A New Mathematics for Computing - rsmiller510
http://h30565.www3.hp.com/t5/Feature-Articles/A-New-Mathematics-for-Computing/ba-p/1390

======
apsp
This sounds like an interesting topic, but the article itself was more
confusing than enlightening to me.

It seems that the actual explanation (using Hamming distances) could be used
instead of the bubble-wrap analogy (in the same amount of space, without
making more assumptions about the reader). I felt it didn't represent the
trade-off (or rather the strict improvement in this case) very well. In fact,
it seems to suggest something that is false (that the two methods are
fundamentally different).

They also start using graphs without an (informal) definition.

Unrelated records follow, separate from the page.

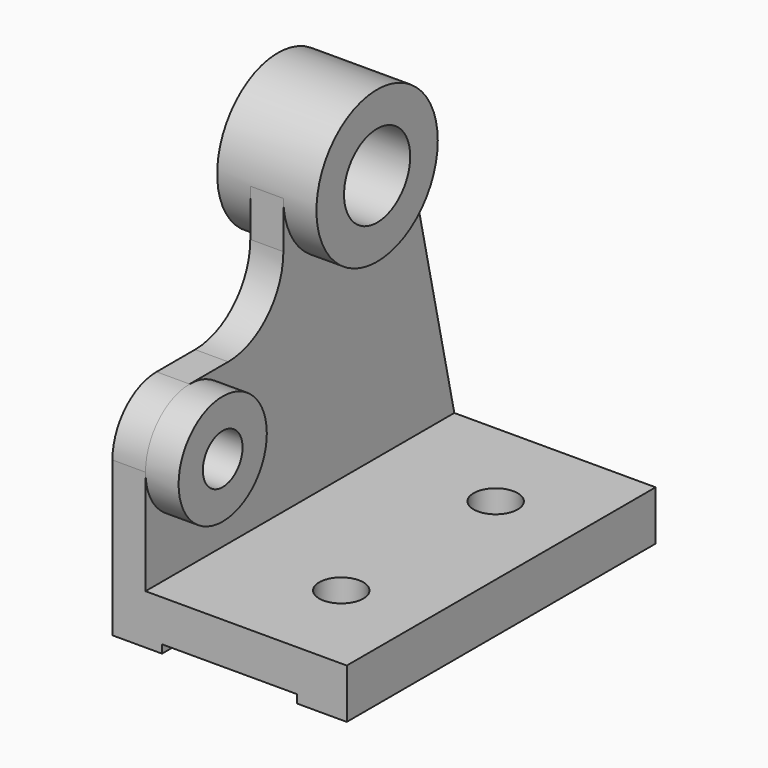
from build123d import *

# Parameters (mm, degrees)
F0_W      = 85
F0_H      = 140
F0_R      = 8
F1_DEPTH  = 18
F2_W      = 49
F2_H      = 3
F3_DEPTH  = 140.001
F4_W      = 12
F4_H      = 140
F5_DEPTH  = 100
F6_R      = 9
F7_DEPTH  = 12
F9_R      = 27.5
F9_R_2    = 15
F10_DEPTH = 18
F11_DEPTH = 25
F12_DEPTH = 25
F13_R     = 25
F14_DEPTH = 25


with BuildPart() as f1:
    # F0 (on Top) → F1 (new body)
    with BuildSketch(Plane.XY):
        with Locations((42.5, 0)):
            Rectangle(F0_W, F0_H)
        with Locations((55, -35)):
            Circle(F0_R, mode=Mode.SUBTRACT)
        with Locations((55, 35)):
            Circle(F0_R, mode=Mode.SUBTRACT)
    extrude(amount=F1_DEPTH)

    # F2 (on face) → F3 (cut, through all)
    with BuildSketch(Plane.XZ.offset(70)):
        with Locations((42.5, 1.5)):
            Rectangle(F2_W, F2_H)
    extrude(amount=-F3_DEPTH, mode=Mode.SUBTRACT)

    # F4 (on face) → F5 (join)
    with BuildSketch(Plane.XY.offset(18)):
        with Locations((6, 0)):
            Rectangle(F4_W, F4_H)
    extrude(amount=F5_DEPTH)

    # F6 (on face) → F7 (join)
    with BuildSketch(Plane.YZ.offset(12)):
        with BuildLine():
            ThreePointArc((-30, 56), (-35.8578643763, 70.1421356237), (-50, 76))
            ThreePointArc((-50, 76), (-64.1421356237, 70.1421356237), (-70, 56))
            ThreePointArc((-70, 56), (-50, 36), (-30, 56))
        make_face()
        with Locations((-50, 56)):
            Circle(F6_R, mode=Mode.SUBTRACT)
    extrude(amount=F7_DEPTH)

    # F9 (on offset) → F10 (join, symmetric)
    with BuildSketch(Plane.YZ.offset(6)):
        with Locations((20, 118)):
            Circle(F9_R)
        with Locations((20, 118)):
            Circle(F9_R_2, mode=Mode.SUBTRACT)
    extrude(amount=F10_DEPTH, both=True)

    # F6 (on face) → F11 (cut)
    with BuildSketch(Plane.YZ.offset(12)):
        with Locations((-50, 56)):
            Circle(F6_R)
        with BuildLine():
            ThreePointArc((5, 118), (20, 103), (35, 118))
            Line((35, 118), (20, 118))
            Line((20, 118), (5, 118))
        make_face()
    extrude(amount=-F11_DEPTH, mode=Mode.SUBTRACT)

    # F6 (on face) → F12 (cut)
    with BuildSketch(Plane.YZ.offset(12)):
        with BuildLine():
            Line((-7.5, 76), (-7.5, 118))
            Line((-7.5, 118), (-70, 118))
            Line((-70, 118), (-70, 56))
            ThreePointArc((-70, 56), (-64.1421356237, 70.1421356237), (-50, 76))
            Line((-50, 76), (-7.5, 76))
        make_face()
        Polygon((70, 118), (47.5, 118), (70, 18), align=None)
    extrude(amount=-F12_DEPTH, mode=Mode.SUBTRACT)

    # F13
    f13_edges = [f1.edges().sort_by_distance(p)[0] for p in [
        (6, -7.5, 76),
    ]]
    fillet(f13_edges, radius=F13_R)

    # F0 (on Top) → F14 (cut)
    with BuildSketch(Plane.XY):
        with Locations((55, -35)):
            Circle(F0_R)
        with Locations((55, 35)):
            Circle(F0_R)
    extrude(amount=-F14_DEPTH, mode=Mode.SUBTRACT)


solid = f1.part
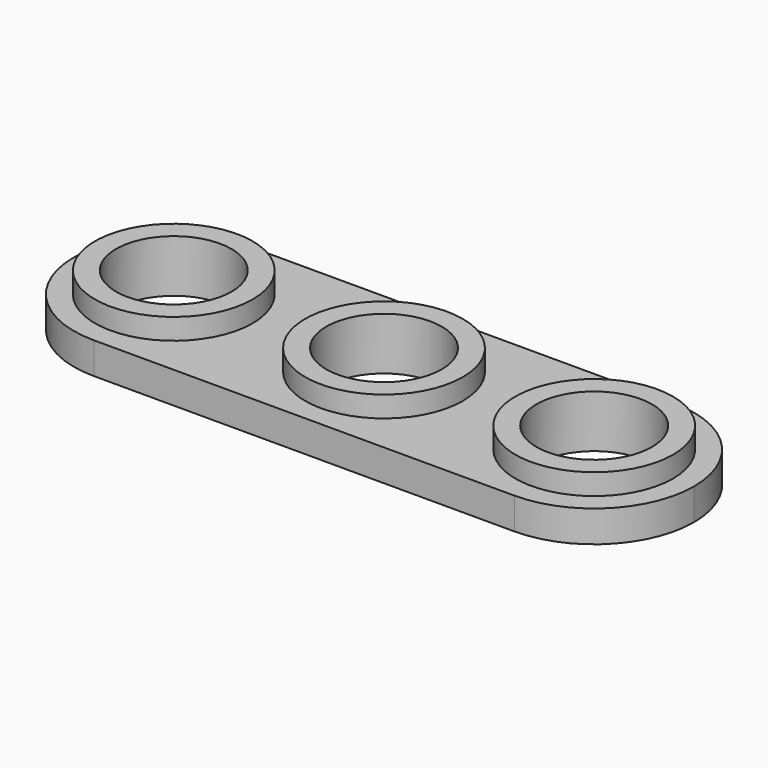
from build123d import *

# Parameters (mm, degrees)
F2_R     = 7.5
F3_DEPTH = 3
F2_R_2   = 5.5
F4_DEPTH = 5


# Not quite as in the source:
# - a feature names something its author has since deleted; it is built from what else it names


with BuildPart() as f3:
    # F2 (on Top) → F3 (new body)
    with BuildSketch(Plane.XY):
        with BuildLine():
            Line((40, 9.5), (0, 9.5))
            ThreePointArc((0, 9.5), (-6.7175144213, 6.7175144213), (-9.5, 0))
            ThreePointArc((-9.5, 0), (-6.7175144213, -6.7175144213), (0, -9.5))
            Line((0, -9.5), (40, -9.5))
            ThreePointArc((40, -9.5), (46.7175144213, -6.7175144213), (49.5, 0))
            ThreePointArc((49.5, 0), (46.7175144213, 6.7175144213), (40, 9.5))
        make_face()
        Circle(F2_R, mode=Mode.SUBTRACT)
        with Locations((20, 0)):
            Circle(F2_R, mode=Mode.SUBTRACT)
        with Locations((40, 0)):
            Circle(F2_R, mode=Mode.SUBTRACT)
    extrude(amount=F3_DEPTH)

    # F2 (on Top) → F4 (join)
    with BuildSketch(Plane.XY):
        Circle(F2_R)
        Circle(F2_R_2, mode=Mode.SUBTRACT)
        with Locations((20, 0)):
            Circle(F2_R)
        with Locations((20, 0)):
            Circle(F2_R_2, mode=Mode.SUBTRACT)
        with Locations((40, 0)):
            Circle(F2_R)
        with Locations((40, 0)):
            Circle(F2_R_2, mode=Mode.SUBTRACT)
    extrude(amount=F4_DEPTH)


solid = f3.part
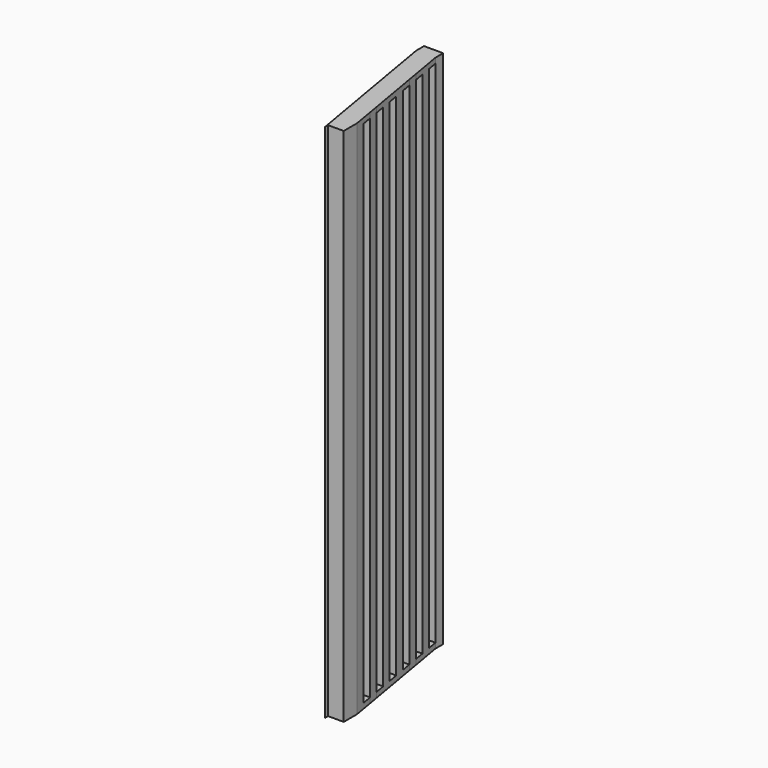
from build123d import *

# Parameters (mm, degrees)
F1_DEPTH = 100
F2_DEPTH = 1
F3_START = 99
F3_DEPTH = 1


with BuildPart() as f1:
    # F0 (on Top) → F1 (new body)
    with BuildSketch(Plane.XY):
        Polygon((-10.3999599814, 2), (-12.5, 2), (-12.5, -1.2), (-9.5, -1.2), (-9.5, 1.1444095289), (-9.5, 2), align=None)
        Polygon((-12.5, -1.2), (-12.5, 2), (-12.8442417498, 4), (-13.5327252493, 4), (-12.5, -2), align=None)
        Polygon((-12.8442417498, 4), (-12.5, 2), (-10.3999599814, 2), (-9.5, 2), (-9.8442417498, 4), align=None)
        Polygon((-13.5327252493, 4), (-12.8442417498, 4), (-13.1884834996, 6), (-13.8769669991, 6), align=None)
        Polygon((-13.5327252493, 8), (-13.1884834996, 6), (-10.1884834996, 6), (-10.5327252493, 8), align=None)
        Polygon((-13.8769669991, 6), (-13.1884834996, 6), (-13.5327252493, 8), (-14.2212087489, 8), align=None)
        Polygon((-14.2212087489, 8), (-13.5327252493, 8), (-13.8769669991, 10), (-14.5654504987, 10), align=None)
        Polygon((-14.2212087489, 12), (-13.8769669991, 10), (-10.8769669991, 10), (-11.2212087489, 12), align=None)
        Polygon((-14.9096922485, 16), (-14.5654504987, 14), (-11.5654504987, 14), (-11.9096922485, 16), align=None)
        Polygon((-15.598175748, 20), (-15.2539339983, 18), (-12.2539339983, 18), (-12.598175748, 20), align=None)
        Polygon((-14.5654504987, 10), (-13.8769669991, 10), (-14.2212087489, 12), (-14.9096922485, 12), align=None)
        Polygon((-14.9096922485, 12), (-14.2212087489, 12), (-14.5654504987, 14), (-15.2539339983, 14), align=None)
        Polygon((-15.2539339983, 14), (-14.5654504987, 14), (-14.9096922485, 16), (-15.598175748, 16), align=None)
        Polygon((-15.598175748, 16), (-14.9096922485, 16), (-15.2539339983, 18), (-15.9424174978, 18), align=None)
        Polygon((-15.9424174978, 18), (-15.2539339983, 18), (-15.598175748, 20), (-16.2866592476, 20), align=None)
        Polygon((-16.2866592476, 20), (-15.598175748, 20), (-15.9424174978, 22), (-16.6309009974, 22), align=None)
        Polygon((-16.6309009974, 22), (-15.9424174978, 22), (-16.2866592476, 24), (-16.9751427472, 24), align=None)
        Polygon((-16.9751427472, 24), (-16.2866592476, 24), (-16.6309009974, 26), (-17.319384497, 26), align=None)
        Polygon((-17.319384497, 26), (-16.6309009974, 26), (-13.6309009974, 26), (-13.6309009974, 27.8660617122), (-17.319384497, 27.8660617122), align=None)
        Polygon((-16.2866592476, 24), (-15.9424174978, 22), (-12.9424174978, 22), (-13.2866592476, 24), align=None)
    extrude(amount=F1_DEPTH)

    # F0 (on Top) → F2 (join)
    with BuildSketch(Plane.XY):
        Polygon((-12.8442417498, 4), (-12.5, 2), (-10.3999599814, 2), (-9.5, 2), (-9.8442417498, 4), align=None)
        Polygon((-12.5, -1.2), (-12.5, 2), (-12.8442417498, 4), (-13.5327252493, 4), (-12.5, -2), align=None)
        Polygon((-13.1884834996, 6), (-12.8442417498, 4), (-9.8442417498, 4), (-10.1884834996, 6), align=None)
        Polygon((-13.5327252493, 4), (-12.8442417498, 4), (-13.1884834996, 6), (-13.8769669991, 6), align=None)
        Polygon((-13.5327252493, 8), (-13.1884834996, 6), (-10.1884834996, 6), (-10.5327252493, 8), align=None)
        Polygon((-13.8769669991, 6), (-13.1884834996, 6), (-13.5327252493, 8), (-14.2212087489, 8), align=None)
        Polygon((-13.8769669991, 10), (-13.5327252493, 8), (-10.5327252493, 8), (-10.8769669991, 10), align=None)
        Polygon((-14.2212087489, 8), (-13.5327252493, 8), (-13.8769669991, 10), (-14.5654504987, 10), align=None)
        Polygon((-14.2212087489, 12), (-13.8769669991, 10), (-10.8769669991, 10), (-11.2212087489, 12), align=None)
        Polygon((-14.5654504987, 10), (-13.8769669991, 10), (-14.2212087489, 12), (-14.9096922485, 12), align=None)
        Polygon((-14.5654504987, 14), (-14.2212087489, 12), (-11.2212087489, 12), (-11.5654504987, 14), align=None)
        Polygon((-14.9096922485, 12), (-14.2212087489, 12), (-14.5654504987, 14), (-15.2539339983, 14), align=None)
        Polygon((-14.9096922485, 16), (-14.5654504987, 14), (-11.5654504987, 14), (-11.9096922485, 16), align=None)
        Polygon((-15.2539339983, 14), (-14.5654504987, 14), (-14.9096922485, 16), (-15.598175748, 16), align=None)
        Polygon((-15.2539339983, 18), (-14.9096922485, 16), (-11.9096922485, 16), (-12.2539339983, 18), align=None)
        Polygon((-15.598175748, 16), (-14.9096922485, 16), (-15.2539339983, 18), (-15.9424174978, 18), align=None)
        Polygon((-15.598175748, 20), (-15.2539339983, 18), (-12.2539339983, 18), (-12.598175748, 20), align=None)
        Polygon((-15.9424174978, 18), (-15.2539339983, 18), (-15.598175748, 20), (-16.2866592476, 20), align=None)
        Polygon((-15.9424174978, 22), (-15.598175748, 20), (-12.598175748, 20), (-12.9424174978, 22), align=None)
        Polygon((-16.2866592476, 20), (-15.598175748, 20), (-15.9424174978, 22), (-16.6309009974, 22), align=None)
        Polygon((-16.2866592476, 24), (-15.9424174978, 22), (-12.9424174978, 22), (-13.2866592476, 24), align=None)
        Polygon((-16.6309009974, 22), (-15.9424174978, 22), (-16.2866592476, 24), (-16.9751427472, 24), align=None)
        Polygon((-16.6309009974, 26), (-16.2866592476, 24), (-13.2866592476, 24), (-13.6309009974, 26), align=None)
        Polygon((-16.9751427472, 24), (-16.2866592476, 24), (-16.6309009974, 26), (-17.319384497, 26), align=None)
        Polygon((-17.319384497, 26), (-16.6309009974, 26), (-13.6309009974, 26), (-13.6309009974, 27.8660617122), (-17.319384497, 27.8660617122), align=None)
    extrude(amount=F2_DEPTH)

    # F0 (on Top) → F3 (join)
    with BuildSketch(Plane.XY.offset(F3_START)):
        Polygon((-12.8442417498, 4), (-12.5, 2), (-10.3999599814, 2), (-9.5, 2), (-9.8442417498, 4), align=None)
        Polygon((-10.3999599814, 2), (-12.5, 2), (-12.5, -1.2), (-9.5, -1.2), (-9.5, 1.1444095289), (-9.5, 2), align=None)
        Polygon((-12.5, -1.2), (-12.5, 2), (-12.8442417498, 4), (-13.5327252493, 4), (-12.5, -2), align=None)
        Polygon((-13.1884834996, 6), (-12.8442417498, 4), (-9.8442417498, 4), (-10.1884834996, 6), align=None)
        Polygon((-13.5327252493, 4), (-12.8442417498, 4), (-13.1884834996, 6), (-13.8769669991, 6), align=None)
        Polygon((-13.5327252493, 8), (-13.1884834996, 6), (-10.1884834996, 6), (-10.5327252493, 8), align=None)
        Polygon((-13.8769669991, 6), (-13.1884834996, 6), (-13.5327252493, 8), (-14.2212087489, 8), align=None)
        Polygon((-13.8769669991, 10), (-13.5327252493, 8), (-10.5327252493, 8), (-10.8769669991, 10), align=None)
        Polygon((-14.2212087489, 8), (-13.5327252493, 8), (-13.8769669991, 10), (-14.5654504987, 10), align=None)
        Polygon((-14.2212087489, 12), (-13.8769669991, 10), (-10.8769669991, 10), (-11.2212087489, 12), align=None)
        Polygon((-14.5654504987, 10), (-13.8769669991, 10), (-14.2212087489, 12), (-14.9096922485, 12), align=None)
        Polygon((-14.5654504987, 14), (-14.2212087489, 12), (-11.2212087489, 12), (-11.5654504987, 14), align=None)
        Polygon((-14.9096922485, 12), (-14.2212087489, 12), (-14.5654504987, 14), (-15.2539339983, 14), align=None)
        Polygon((-14.9096922485, 16), (-14.5654504987, 14), (-11.5654504987, 14), (-11.9096922485, 16), align=None)
        Polygon((-15.2539339983, 14), (-14.5654504987, 14), (-14.9096922485, 16), (-15.598175748, 16), align=None)
        Polygon((-15.2539339983, 18), (-14.9096922485, 16), (-11.9096922485, 16), (-12.2539339983, 18), align=None)
        Polygon((-15.598175748, 16), (-14.9096922485, 16), (-15.2539339983, 18), (-15.9424174978, 18), align=None)
        Polygon((-15.598175748, 20), (-15.2539339983, 18), (-12.2539339983, 18), (-12.598175748, 20), align=None)
        Polygon((-15.9424174978, 18), (-15.2539339983, 18), (-15.598175748, 20), (-16.2866592476, 20), align=None)
        Polygon((-15.9424174978, 22), (-15.598175748, 20), (-12.598175748, 20), (-12.9424174978, 22), align=None)
        Polygon((-16.2866592476, 20), (-15.598175748, 20), (-15.9424174978, 22), (-16.6309009974, 22), align=None)
        Polygon((-16.2866592476, 24), (-15.9424174978, 22), (-12.9424174978, 22), (-13.2866592476, 24), align=None)
        Polygon((-16.6309009974, 22), (-15.9424174978, 22), (-16.2866592476, 24), (-16.9751427472, 24), align=None)
        Polygon((-16.6309009974, 26), (-16.2866592476, 24), (-13.2866592476, 24), (-13.6309009974, 26), align=None)
        Polygon((-16.9751427472, 24), (-16.2866592476, 24), (-16.6309009974, 26), (-17.319384497, 26), align=None)
        Polygon((-17.319384497, 26), (-16.6309009974, 26), (-13.6309009974, 26), (-13.6309009974, 27.8660617122), (-17.319384497, 27.8660617122), align=None)
    extrude(amount=F3_DEPTH)


solid = f1.part

I didn't know about tree codes before so this could have been interesting but
I still don't know much about them. The article alludes to some kind of
uniqueness theorem

 _but remarkably Leonard showed there is actually one out there that’s useful_

but the end suggests that we do not actually know the optimal strategy (so I
guess its just an existence proof?).

 _a set of structured binary strings, in which the metric space looks like a
tree,_

doesn't tell me much either. How should I interpret "look like"? Do I
approximately embed the space in R^n? Do they mean that its close to a tree
metric?

Finally, the article also didn't mention how little we actually know about,
say, the Shannon capacity of many (small) fixed graphs. The impression I got
is that we already know all there is to know about "classical" Shannon
capacity (which I believe is false).

------
drblast
This article is light on the details. Here is the paper it's based on (I
think):

[http://users.cms.caltech.edu/~schulman/Papers/intercoding.pd...](http://users.cms.caltech.edu/~schulman/Papers/intercoding.pdf)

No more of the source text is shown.